Podcasts also provide a platform for advisers to learn about the broader advising profession and to see how their own practices fit within larger trends. For Scott, hearing about data-informed decision-making helped him better understand the role of evidence in advising: “It’s prompted me to reflect on broader purposes in advising and how I approach my role.” Toby noted, “I think the podcast allowed some verification of what I’m doing makes sense and who I am as an administrator. And how advising works on my campus, makes sense.” Toby’s reflection points to validation as a key mechanism of professional identity development, in which advisers come to recognize their practices as legitimate and meaningful within a broader professional discourse.
Just as the podcast helped advisers apply new strategies and reflect on their professional roles, it also encouraged them to think beyond their local contexts. The final theme explores this broadening of perspective.
Expanding Global Perspectives in Academic Advising
Participants described the podcast as a space for encountering advising perspectives beyond their local or national contexts. Two sub-themes emerged: learning from diverse international contexts and global reach and the ripple effect of knowledge sharing.
Learning From Diverse International Contexts
Joane highlighted the power of podcasts in fostering a deeper appreciation for both the commonalities and differences that exist across advising practices worldwide: One participant, Joane, praised the podcast for encouraging global reflection, stating that it “opened people up to thinking about advising from a much more global perspective…You learn from the commonalities, but you learn even more from the differences.” Joane’s account suggests that global learning occurred through comparative sense-making, as advisers positioned their own practices in relation to alternative institutional and cultural models. This process reflects identity work at a transnational level, where professional meaning is constructed through contrast rather than consensus.

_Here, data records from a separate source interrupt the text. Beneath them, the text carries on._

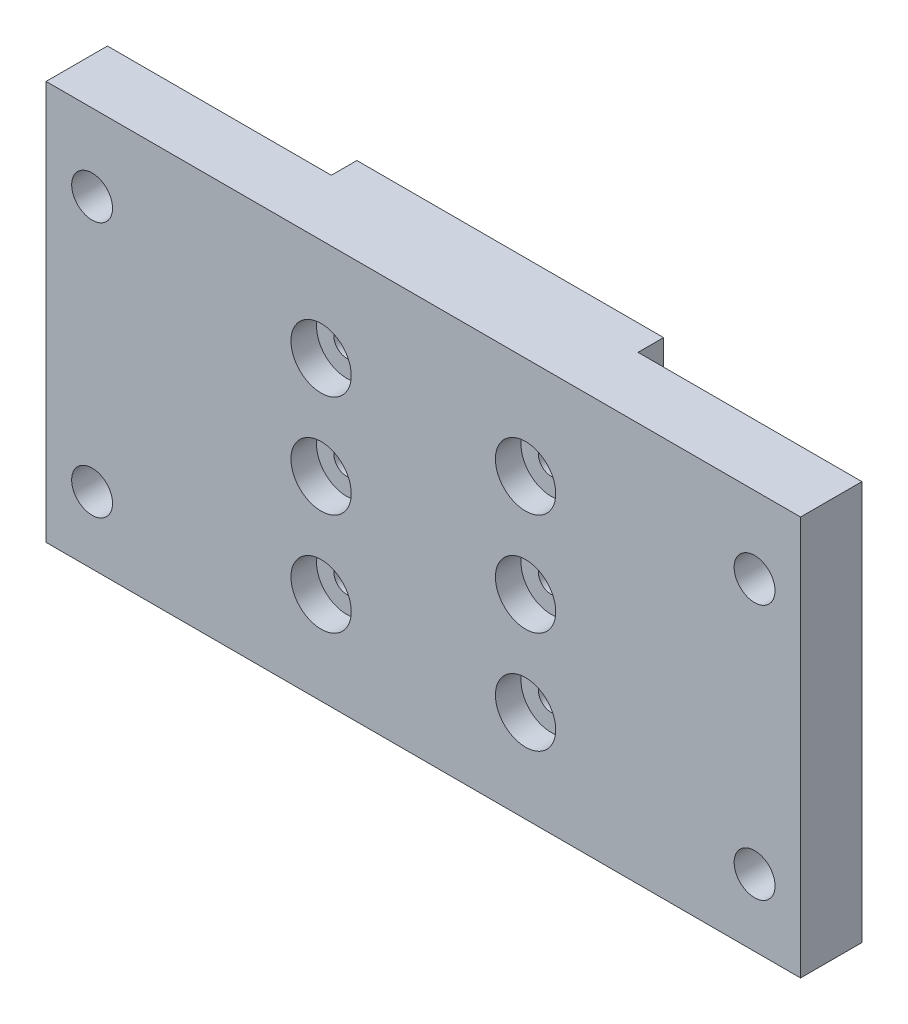
ISO-10303-21;
HEADER;
FILE_DESCRIPTION(('STEP AP214'),'2;1');
FILE_NAME('part.step','',(''),(''),'','','');
FILE_SCHEMA(('AUTOMOTIVE_DESIGN { 1 0 10303 214 1 1 1 1 }'));
ENDSEC;
DATA;
#1=APPLICATION_CONTEXT('core data for automotive mechanical design processes');
#2=APPLICATION_PROTOCOL_DEFINITION('international standard','automotive_design',2000,#1);
#3=PRODUCT_CONTEXT('',#1,'mechanical');
#4=PRODUCT('Part','Part','',(#3));
#5=PRODUCT_RELATED_PRODUCT_CATEGORY('part','',(#4));
#6=PRODUCT_DEFINITION_FORMATION('','',#4);
#7=PRODUCT_DEFINITION_CONTEXT('part definition',#1,'design');
#8=PRODUCT_DEFINITION('design','',#6,#7);
#9=PRODUCT_DEFINITION_SHAPE('','',#8);
#10=(LENGTH_UNIT() NAMED_UNIT(*) SI_UNIT(.MILLI.,.METRE.));
#11=(NAMED_UNIT(*) PLANE_ANGLE_UNIT() SI_UNIT($,.RADIAN.));
#12=(NAMED_UNIT(*) SI_UNIT($,.STERADIAN.) SOLID_ANGLE_UNIT());
#13=UNCERTAINTY_MEASURE_WITH_UNIT(LENGTH_MEASURE(1.E-05),#10,'distance_accuracy_value','');
#14=(GEOMETRIC_REPRESENTATION_CONTEXT(3) GLOBAL_UNCERTAINTY_ASSIGNED_CONTEXT((#13)) GLOBAL_UNIT_ASSIGNED_CONTEXT((#10,
#11,#12)) REPRESENTATION_CONTEXT('',''));
#15=CARTESIAN_POINT('',(0.,0.,0.));
#16=DIRECTION('',(0.,0.,1.));
#17=DIRECTION('',(1.,0.,0.));
#18=AXIS2_PLACEMENT_3D('',#15,#16,#17);
#19=CARTESIAN_POINT('',(20.,19.05,12.));
#20=DIRECTION('',(0.,0.,-1.));
#21=DIRECTION('',(-1.,0.,0.));
#22=AXIS2_PLACEMENT_3D('',#19,#20,#21);
#23=CYLINDRICAL_SURFACE('',#22,2.5);
#24=CARTESIAN_POINT('',(20.,19.05,-5.));
#25=DIRECTION('',(0.,0.,-1.));
#26=DIRECTION('',(-1.,0.,0.));
#27=AXIS2_PLACEMENT_3D('',#24,#25,#26);
#28=CIRCLE('',#27,2.5);
#29=CARTESIAN_POINT('',(17.5,19.05,-5.));
#30=VERTEX_POINT('',#29);
#31=EDGE_CURVE('E185',#30,#30,#28,.T.);
#32=ORIENTED_EDGE('',*,*,#31,.T.);
#33=EDGE_LOOP('',(#32));
#34=FACE_BOUND('',#33,.T.);
#35=CARTESIAN_POINT('',(20.,19.05,7.));
#36=DIRECTION('',(0.,0.,1.));
#37=DIRECTION('',(1.,0.,0.));
#38=AXIS2_PLACEMENT_3D('',#35,#36,#37);
#39=CIRCLE('',#38,2.5);
#40=CARTESIAN_POINT('',(22.5,19.05,7.));
#41=VERTEX_POINT('',#40);
#42=EDGE_CURVE('E41',#41,#41,#39,.F.);
#43=ORIENTED_EDGE('',*,*,#42,.F.);
#44=EDGE_LOOP('',(#43));
#45=FACE_BOUND('',#44,.T.);
#46=ADVANCED_FACE('F37',(#34,#45),#23,.F.);
#47=CARTESIAN_POINT('',(20.,-0.950000000000003,12.));
#48=DIRECTION('',(0.,0.,-1.));
#49=DIRECTION('',(-1.,0.,0.));
#50=AXIS2_PLACEMENT_3D('',#47,#48,#49);
#51=CYLINDRICAL_SURFACE('',#50,2.5);
#52=CARTESIAN_POINT('',(20.,-0.950000000000003,-5.));
#53=DIRECTION('',(0.,0.,-1.));
#54=DIRECTION('',(-1.,0.,0.));
#55=AXIS2_PLACEMENT_3D('',#52,#53,#54);
#56=CIRCLE('',#55,2.5);
#57=CARTESIAN_POINT('',(17.5,-0.950000000000003,-5.));
#58=VERTEX_POINT('',#57);
#59=EDGE_CURVE('E181',#58,#58,#56,.T.);
#60=ORIENTED_EDGE('',*,*,#59,.T.);
#61=EDGE_LOOP('',(#60));
#62=FACE_BOUND('',#61,.T.);
#63=CARTESIAN_POINT('',(20.,-0.950000000000003,7.));
#64=DIRECTION('',(0.,0.,1.));
#65=DIRECTION('',(1.,0.,0.));
#66=AXIS2_PLACEMENT_3D('',#63,#64,#65);
#67=CIRCLE('',#66,2.5);
#68=CARTESIAN_POINT('',(22.5,-0.950000000000003,7.));
#69=VERTEX_POINT('',#68);
#70=EDGE_CURVE('E317',#69,#69,#67,.F.);
#71=ORIENTED_EDGE('',*,*,#70,.F.);
#72=EDGE_LOOP('',(#71));
#73=FACE_BOUND('',#72,.T.);
#74=ADVANCED_FACE('F247',(#62,#73),#51,.F.);
#75=CARTESIAN_POINT('',(20.,-20.95,12.));
#76=DIRECTION('',(0.,0.,-1.));
#77=DIRECTION('',(-1.,0.,0.));
#78=AXIS2_PLACEMENT_3D('',#75,#76,#77);
#79=CYLINDRICAL_SURFACE('',#78,2.5);
#80=CARTESIAN_POINT('',(20.,-20.95,-5.));
#81=DIRECTION('',(0.,0.,-1.));
#82=DIRECTION('',(-1.,0.,0.));
#83=AXIS2_PLACEMENT_3D('',#80,#81,#82);
#84=CIRCLE('',#83,2.5);
#85=CARTESIAN_POINT('',(17.5,-20.95,-5.));
#86=VERTEX_POINT('',#85);
#87=EDGE_CURVE('E186',#86,#86,#84,.T.);
#88=ORIENTED_EDGE('',*,*,#87,.T.);
#89=EDGE_LOOP('',(#88));
#90=FACE_BOUND('',#89,.T.);
#91=CARTESIAN_POINT('',(20.,-20.95,7.));
#92=DIRECTION('',(0.,0.,1.));
#93=DIRECTION('',(1.,0.,0.));
#94=AXIS2_PLACEMENT_3D('',#91,#92,#93);
#95=CIRCLE('',#94,2.5);
#96=CARTESIAN_POINT('',(22.5,-20.95,7.));
#97=VERTEX_POINT('',#96);
#98=EDGE_CURVE('E321',#97,#97,#95,.F.);
#99=ORIENTED_EDGE('',*,*,#98,.F.);
#100=EDGE_LOOP('',(#99));
#101=FACE_BOUND('',#100,.T.);
#102=ADVANCED_FACE('F253',(#90,#101),#79,.F.);
#103=CARTESIAN_POINT('',(-20.,-20.95,12.));
#104=DIRECTION('',(0.,0.,-1.));
#105=DIRECTION('',(-1.,0.,0.));
#106=AXIS2_PLACEMENT_3D('',#103,#104,#105);
#107=CYLINDRICAL_SURFACE('',#106,2.49999999999999);
#108=CARTESIAN_POINT('',(-20.,-20.95,-5.));
#109=DIRECTION('',(0.,0.,-1.));
#110=DIRECTION('',(1.,0.,0.));
#111=AXIS2_PLACEMENT_3D('',#108,#109,#110);
#112=CIRCLE('',#111,2.49999999999999);
#113=CARTESIAN_POINT('',(-17.5,-20.95,-5.));
#114=VERTEX_POINT('',#113);
#115=EDGE_CURVE('E445',#114,#114,#112,.T.);
#116=ORIENTED_EDGE('',*,*,#115,.T.);
#117=EDGE_LOOP('',(#116));
#118=FACE_BOUND('',#117,.T.);
#119=CARTESIAN_POINT('',(-20.,-20.95,7.));
#120=DIRECTION('',(0.,0.,1.));
#121=DIRECTION('',(1.,0.,0.));
#122=AXIS2_PLACEMENT_3D('',#119,#120,#121);
#123=CIRCLE('',#122,2.49999999999999);
#124=CARTESIAN_POINT('',(-17.5,-20.95,7.));
#125=VERTEX_POINT('',#124);
#126=EDGE_CURVE('E325',#125,#125,#123,.F.);
#127=ORIENTED_EDGE('',*,*,#126,.F.);
#128=EDGE_LOOP('',(#127));
#129=FACE_BOUND('',#128,.T.);
#130=ADVANCED_FACE('F430',(#118,#129),#107,.F.);
#131=CARTESIAN_POINT('',(-20.,-0.949999999999998,12.));
#132=DIRECTION('',(0.,0.,-1.));
#133=DIRECTION('',(-1.,0.,0.));
#134=AXIS2_PLACEMENT_3D('',#131,#132,#133);
#135=CYLINDRICAL_SURFACE('',#134,2.49999999999999);
#136=CARTESIAN_POINT('',(-20.,-0.949999999999998,-5.));
#137=DIRECTION('',(0.,0.,-1.));
#138=DIRECTION('',(1.,0.,0.));
#139=AXIS2_PLACEMENT_3D('',#136,#137,#138);
#140=CIRCLE('',#139,2.49999999999999);
#141=CARTESIAN_POINT('',(-17.5,-0.949999999999998,-5.));
#142=VERTEX_POINT('',#141);
#143=EDGE_CURVE('E441',#142,#142,#140,.T.);
#144=ORIENTED_EDGE('',*,*,#143,.T.);
#145=EDGE_LOOP('',(#144));
#146=FACE_BOUND('',#145,.T.);
#147=CARTESIAN_POINT('',(-20.,-0.949999999999998,7.));
#148=DIRECTION('',(0.,0.,1.));
#149=DIRECTION('',(1.,0.,0.));
#150=AXIS2_PLACEMENT_3D('',#147,#148,#149);
#151=CIRCLE('',#150,2.49999999999999);
#152=CARTESIAN_POINT('',(-17.5,-0.949999999999998,7.));
#153=VERTEX_POINT('',#152);
#154=EDGE_CURVE('E330',#153,#153,#151,.F.);
#155=ORIENTED_EDGE('',*,*,#154,.F.);
#156=EDGE_LOOP('',(#155));
#157=FACE_BOUND('',#156,.T.);
#158=ADVANCED_FACE('F237',(#146,#157),#135,.F.);
#159=CARTESIAN_POINT('',(-20.,19.05,12.));
#160=DIRECTION('',(0.,0.,-1.));
#161=DIRECTION('',(-1.,0.,0.));
#162=AXIS2_PLACEMENT_3D('',#159,#160,#161);
#163=CYLINDRICAL_SURFACE('',#162,2.5);
#164=CARTESIAN_POINT('',(-20.,19.05,-5.));
#165=DIRECTION('',(0.,0.,-1.));
#166=DIRECTION('',(1.,0.,0.));
#167=AXIS2_PLACEMENT_3D('',#164,#165,#166);
#168=CIRCLE('',#167,2.5);
#169=CARTESIAN_POINT('',(-17.5,19.05,-5.));
#170=VERTEX_POINT('',#169);
#171=EDGE_CURVE('E180',#170,#170,#168,.T.);
#172=ORIENTED_EDGE('',*,*,#171,.T.);
#173=EDGE_LOOP('',(#172));
#174=FACE_BOUND('',#173,.T.);
#175=CARTESIAN_POINT('',(-20.,19.05,7.));
#176=DIRECTION('',(0.,0.,1.));
#177=DIRECTION('',(1.,0.,0.));
#178=AXIS2_PLACEMENT_3D('',#175,#176,#177);
#179=CIRCLE('',#178,2.5);
#180=CARTESIAN_POINT('',(-17.5,19.05,7.));
#181=VERTEX_POINT('',#180);
#182=EDGE_CURVE('E332',#181,#181,#179,.F.);
#183=ORIENTED_EDGE('',*,*,#182,.F.);
#184=EDGE_LOOP('',(#183));
#185=FACE_BOUND('',#184,.T.);
#186=ADVANCED_FACE('F230',(#174,#185),#163,.F.);
#187=CARTESIAN_POINT('',(0.,0.,0.));
#188=DIRECTION('',(0.,0.,-1.));
#189=DIRECTION('',(-1.,0.,0.));
#190=AXIS2_PLACEMENT_3D('',#187,#188,#189);
#191=PLANE('',#190);
#192=CARTESIAN_POINT('',(64.8,-25.95,0.));
#193=DIRECTION('',(0.,0.,-1.));
#194=DIRECTION('',(-1.,0.,0.));
#195=AXIS2_PLACEMENT_3D('',#192,#193,#194);
#196=CIRCLE('',#195,4.00000000000001);
#197=CARTESIAN_POINT('',(60.8,-25.95,0.));
#198=VERTEX_POINT('',#197);
#199=EDGE_CURVE('E175',#198,#198,#196,.T.);
#200=ORIENTED_EDGE('',*,*,#199,.F.);
#201=EDGE_LOOP('',(#200));
#202=FACE_BOUND('',#201,.T.);
#203=CARTESIAN_POINT('',(64.8,24.05,0.));
#204=DIRECTION('',(0.,0.,-1.));
#205=DIRECTION('',(-1.,0.,0.));
#206=AXIS2_PLACEMENT_3D('',#203,#204,#205);
#207=CIRCLE('',#206,4.00000000000001);
#208=CARTESIAN_POINT('',(60.8,24.05,0.));
#209=VERTEX_POINT('',#208);
#210=EDGE_CURVE('E171',#209,#209,#207,.T.);
#211=ORIENTED_EDGE('',*,*,#210,.F.);
#212=EDGE_LOOP('',(#211));
#213=FACE_BOUND('',#212,.T.);
#214=DIRECTION('',(0.,-1.,0.));
#215=VECTOR('',#214,1.);
#216=CARTESIAN_POINT('',(30.,39.05,0.));
#217=LINE('',#216,#215);
#218=CARTESIAN_POINT('',(30.,39.05,0.));
#219=VERTEX_POINT('',#218);
#220=CARTESIAN_POINT('',(30.,-39.05,0.));
#221=VERTEX_POINT('',#220);
#222=EDGE_CURVE('E54',#219,#221,#217,.T.);
#223=ORIENTED_EDGE('',*,*,#222,.F.);
#224=DIRECTION('',(-1.,0.,0.));
#225=VECTOR('',#224,1.);
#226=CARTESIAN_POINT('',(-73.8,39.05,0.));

Global Reach and the Ripple Effect of Knowledge Sharing
Mandy noted how podcasts have the potential to widen their impact as they reach more listeners: “Right now, I think it’s like a drop in a pond, and it’s rippling out. But the more people we can get to listen, the wider that circle can be” (Mandy). Mandy’s metaphor frames knowledge-sharing as a distributed and participatory process, in which professional learning expands through collective uptake rather than centralized dissemination. Together, these themes illustrate how podcasting functions not only as an informal educational tool but also as one site where professional community-building and reflective identity development could occur.
Discussion and Implications
These findings underscore the podcast’s dual contributions: advancing public-facing scholarship in line with Boyer’s (1990) call to integrate and apply knowledge beyond academic settings, and fostering social learning and identity development as described by Wenger’s (1998) Communities of Practice. Together with constructs of agency and professional identity (Baker, 2019; van Oeffelt et al., 2017), these frameworks provide a rich lens through which to interpret podcasting’s potential for knowledge dissemination, meaning-making, and community formation. While podcasts have been studied in fields like social work and family counseling (Casares, 2023; Fox et al., 2021), their potential in academic advising remains unexplored. This research addresses this gap by examining how podcasts foster shared learning, build common practices, and strengthen professional identity through community participation (Cook, 2023).
Beyond demonstrating that podcasts are useful for professional development, this study makes three conceptual contributions. First, it positions podcasting as a form of public-facing scholarship embedded in communities of practice rather than a dissemination tool. Second, it shows how podcast engagement supports professional identity development through validation, recognition, and reflective sense-making. Third, it highlights podcasting as a site of agentic learning, where practitioners actively reinterpret and apply knowledge within local contexts. Together, these contributions conceptualize podcasting as a relational, developmental professional learning space rather than a passive medium.
These conceptual claims are also evident in the podcast’s content and the creator’s reflections. For example, Episode 75 illustrates how podcasts function as platforms for sharing scholarly insights in accessible formats, effectively bridging research and practice (DeMarco, 2022). The creator’s reflections further highlight an intentional effort to make knowledge more accessible and to create space for practitioners to engage with scholarly ideas outside of traditional academic settings.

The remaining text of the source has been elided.